Может быть, до чего-нибудь и додумался бы Потапенко или хоть что-то заподозрил, но по своему характеру он не был способен долго думать об одном. А поскольку он остановился как раз напротив трактира, то и зашёл туда.

— Полстакана водки, — сказал он трактирщику Фруму и кинул на стойку рубль, — малосольный огурец и сала с хлебом.

ГЛАВА ЧЕТВЁРТАЯ

Основное, что надо было сделать по расследованию убийства мещанки Картузик Параски, Богушевич сделал до конца дня. Осталось получить от судебного врача-эксперта заключение, и можно писать обвинительный акт. Он был уверен, что товарищ прокурора Кабанов не сумеет ни к чему придраться.

Дневная жара спала, на город легла приятная прохлада. Богушевич зашёл к себе в участок, — солнце повернуло на запад, его лучи больше не били в окна, в кабинете стало свежо. Он отдёрнул занавески, распахнул настежь одно окно, пододвинул кресло, сел, облокотившись на подоконник. Окно выходило во двор, там росли две старые акации с узловатыми сучьями, кусты сирени и берёзка. Берёзка молоденькая, дотянулась лишь до середины окна, ещё не совсем белоствольная, с бересты сходят тонкие, почти прозрачные чешуйки, ствол растёт, становится толще, береста лущится. Это было любимое дерево Богушевича. Каждый раз, входя в кабинет, здоровался с ним вслух, как с живым, а потом то и дело подходил к окну, чтобы взглянуть на него.

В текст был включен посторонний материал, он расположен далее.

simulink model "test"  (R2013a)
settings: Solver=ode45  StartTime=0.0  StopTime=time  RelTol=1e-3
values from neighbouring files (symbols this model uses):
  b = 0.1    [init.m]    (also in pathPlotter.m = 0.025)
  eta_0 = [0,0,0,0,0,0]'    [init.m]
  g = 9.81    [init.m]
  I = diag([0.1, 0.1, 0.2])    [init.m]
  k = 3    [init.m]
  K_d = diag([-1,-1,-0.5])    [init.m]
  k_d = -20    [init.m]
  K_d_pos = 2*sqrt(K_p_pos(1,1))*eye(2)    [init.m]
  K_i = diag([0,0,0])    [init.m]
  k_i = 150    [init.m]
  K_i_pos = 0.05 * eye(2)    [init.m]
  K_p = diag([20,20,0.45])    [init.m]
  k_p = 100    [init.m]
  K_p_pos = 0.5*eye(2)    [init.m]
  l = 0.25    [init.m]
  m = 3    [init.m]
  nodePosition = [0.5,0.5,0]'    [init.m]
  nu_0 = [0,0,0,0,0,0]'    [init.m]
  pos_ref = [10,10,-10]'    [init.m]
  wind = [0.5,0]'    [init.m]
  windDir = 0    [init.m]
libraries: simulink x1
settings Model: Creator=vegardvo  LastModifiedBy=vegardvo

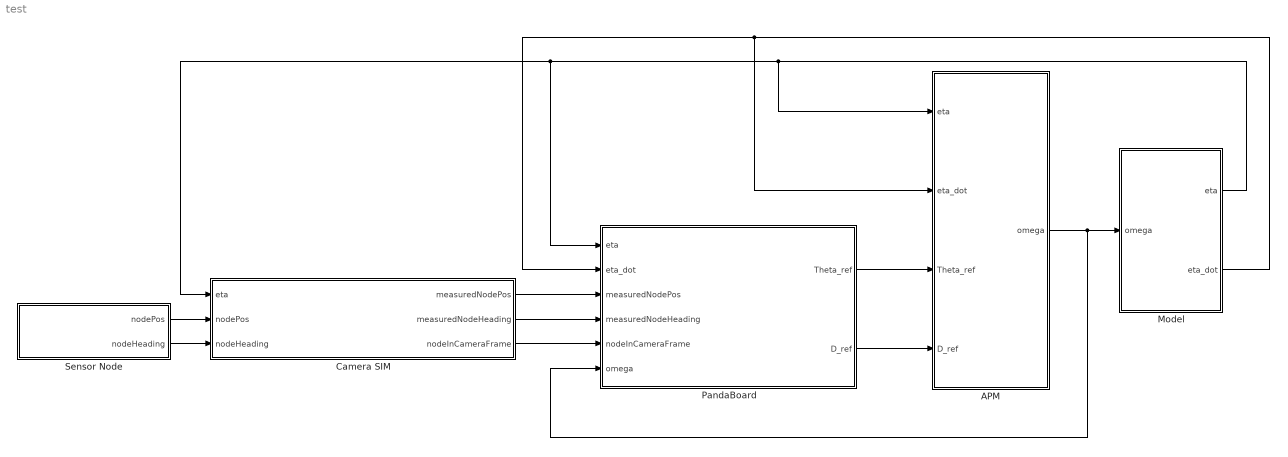
== system test ==
  APM : Subsystem
  Camera SIM : Subsystem
  Model : Subsystem
  PandaBoard : Subsystem
  Sensor Node : Subsystem
  wires:
  Sensor Node/1(nodePos) -> Camera SIM/2(nodePos)
  Sensor Node/2(nodeHeading) -> Camera SIM/3(nodeHeading)
  APM/1(omega) -> Model/1(omega), PandaBoard/6(omega)
  Model/1(eta) -> APM/1(eta), PandaBoard/1(eta), Camera SIM/1(eta)
  Model/2(eta_dot) -> APM/2(eta_dot), PandaBoard/2(eta_dot)
  Camera SIM/3(nodeInCameraFrame) -> PandaBoard/5(nodeInCameraFrame)
  Camera SIM/2(measuredNodeHeading) -> PandaBoard/4(measuredNodeHeading)
  Camera SIM/1(measuredNodePos) -> PandaBoard/3(measuredNodePos)
  PandaBoard/1(Theta_ref) -> APM/3(Theta_ref)
  PandaBoard/2(D_ref) -> APM/4(D_ref)

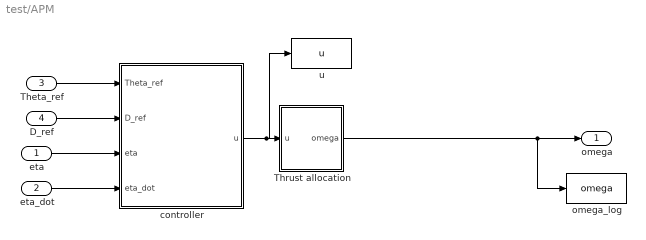
== system test/APM ==
  eta : Inport
  eta_dot : Inport  Port=2
  Theta_ref : Inport  Port=3
  D_ref : Inport  Port=4
  Thrust allocation : Subsystem
  controller : Subsystem
  omega_log : ToWorkspace  VariableName=omega  SampleTime=-1  SaveFormat=Timeseries
  u : ToWorkspace  VariableName=u  SampleTime=-1  SaveFormat=Timeseries
  omega : Outport
  wires:
  Thrust allocation/1(omega) -> omega/1, omega_log/1
  controller/1(u) -> u/1, Thrust allocation/1(u)
  D_ref/1 -> controller/2(D_ref)
  Theta_ref/1 -> controller/1(Theta_ref)
  eta/1 -> controller/3(eta)
  eta_dot/1 -> controller/4(eta_dot)

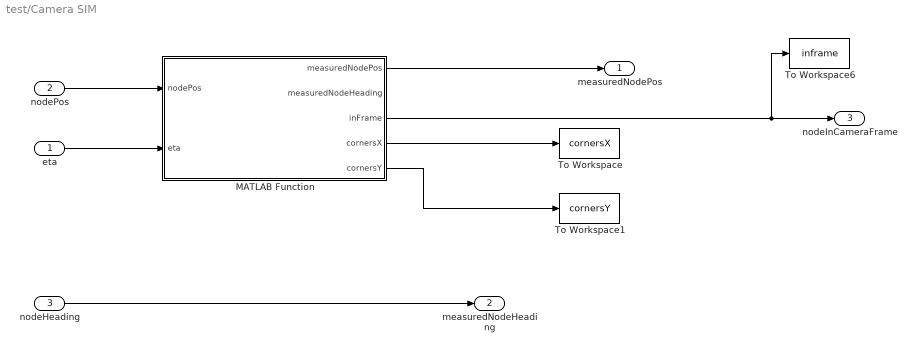
== system test/Camera SIM ==
  eta : Inport
  nodePos : Inport  Port=2
  nodeHeading : Inport  Port=3
  MATLAB Function : MATLAB Function  TreatAsAtomicUnit=on
  To Workspace : ToWorkspace  VariableName=cornersX  SampleTime=-1  SaveFormat=Timeseries
  To Workspace1 : ToWorkspace  VariableName=cornersY  SampleTime=-1  SaveFormat=Timeseries
  To Workspace6 : ToWorkspace  VariableName=inframe  SampleTime=-1  SaveFormat=Timeseries
  measuredNodePos : Outport
  measuredNodeHeading : Outport  Port=2
  nodeInCameraFrame : Outport  Port=3
  wires:
  nodePos/1 -> MATLAB Function/1(nodePos)
  MATLAB Function/1(measuredNodePos) -> measuredNodePos/1
  eta/1 -> MATLAB Function/2(eta)
  MATLAB Function/3(inFrame) -> To Workspace6/1, nodeInCameraFrame/1
  nodeHeading/1 -> measuredNodeHeading/1
  MATLAB Function/4(cornersX) -> To Workspace/1
  MATLAB Function/5(cornersY) -> To Workspace1/1

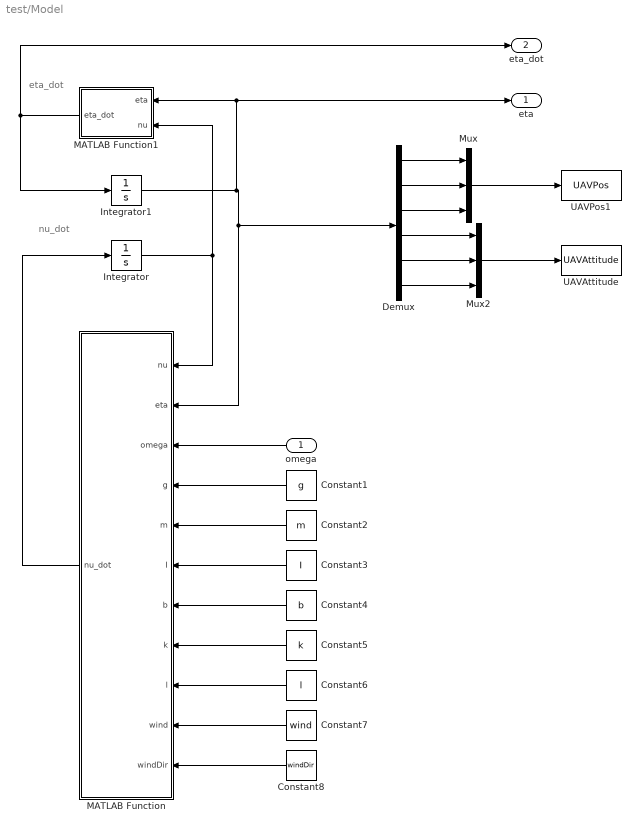
== system test/Model ==
  note: eta_dot
  note: nu_dot
  omega : Inport
  Constant1 : Constant  Value=g
  Constant2 : Constant  Value=m
  Constant3 : Constant  Value=I
  Constant4 : Constant  Value=b
  Constant5 : Constant  Value=k
  Constant6 : Constant  Value=l
  Constant7 : Constant  Value=wind
  Constant8 : Constant  Value=windDir
  Demux : Demux  Outputs=6
  Integrator : Integrator  InitialCondition=nu_0
  Integrator1 : Integrator  InitialCondition=eta_0
  MATLAB Function : MATLAB Function  TreatAsAtomicUnit=on
  MATLAB Function1 : MATLAB Function  TreatAsAtomicUnit=on
  Mux : Mux  Inputs=3
  Mux2 : Mux  Inputs=3
  UAVAttitude : ToWorkspace  VariableName=UAVAttitude  SampleTime=-1  SaveFormat=Timeseries
  UAVPos1 : ToWorkspace  VariableName=UAVPos  SampleTime=-1  SaveFormat=Timeseries
  eta : Outport
  eta_dot : Outport  Port=2
  wires:
  MATLAB Function/1(nu_dot) -> Integrator/1
  Integrator/1 -> MATLAB Function/1(nu), MATLAB Function1/2(nu)
  Integrator1/1 -> MATLAB Function/2(eta), Demux/1, MATLAB Function1/1(eta), eta/1
  Constant1/1 -> MATLAB Function/4(g)
  Constant2/1 -> MATLAB Function/5(m)
  Constant3/1 -> MATLAB Function/6(I)
  Demux/1 -> Mux/1
  Demux/2 -> Mux/2
  Demux/3 -> Mux/3
  Demux/4 -> Mux2/1
  Demux/5 -> Mux2/2
  Demux/6 -> Mux2/3
  Constant4/1 -> MATLAB Function/7(b)
  Constant5/1 -> MATLAB Function/8(k)
  Constant6/1 -> MATLAB Function/9(l)
  MATLAB Function1/1(eta_dot) -> Integrator1/1, eta_dot/1
  omega/1 -> MATLAB Function/3(omega)
  Mux/1 -> UAVPos1/1
  Mux2/1 -> UAVAttitude/1
  Constant8/1 -> MATLAB Function/11(windDir)
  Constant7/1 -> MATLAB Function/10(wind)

Берёзы и берёзовые рощи он любил с детства за их светлый, радостный вид. Там, на родине, в Кушлянах, у них в усадьбе росла старая берёза со сломанной верхушкой. Он с братом Валерианом принёс из лесу и посадил рядом с ней несколько молодых берёзок, чтобы старушке было веселее. На вершину берёзы втащили сбитый из досок настил для аистов. И когда птицы свили там гнездо, отец очень обрадовался: «Ну, слава богу, аисты нас приветили, горе обойдёт стороной, детям счастье привалит». Аисты людей совсем не боялись, гуляли по двору вместе с курами и гусями. Сестра Ганночка любила кормить их с рук. Выносила что-нибудь во двор и звала: «Клё-клё-клё, летите сюда». Аист подскакивал в гнезде на длинных красных ногах, взмахивал крыльями и садился возле Ганночки, тянул к ней шею, выпрашивал угощение. Франтишек тоже пробовал звать аистов, как Ганночка, но они почему-то на его голос не шли.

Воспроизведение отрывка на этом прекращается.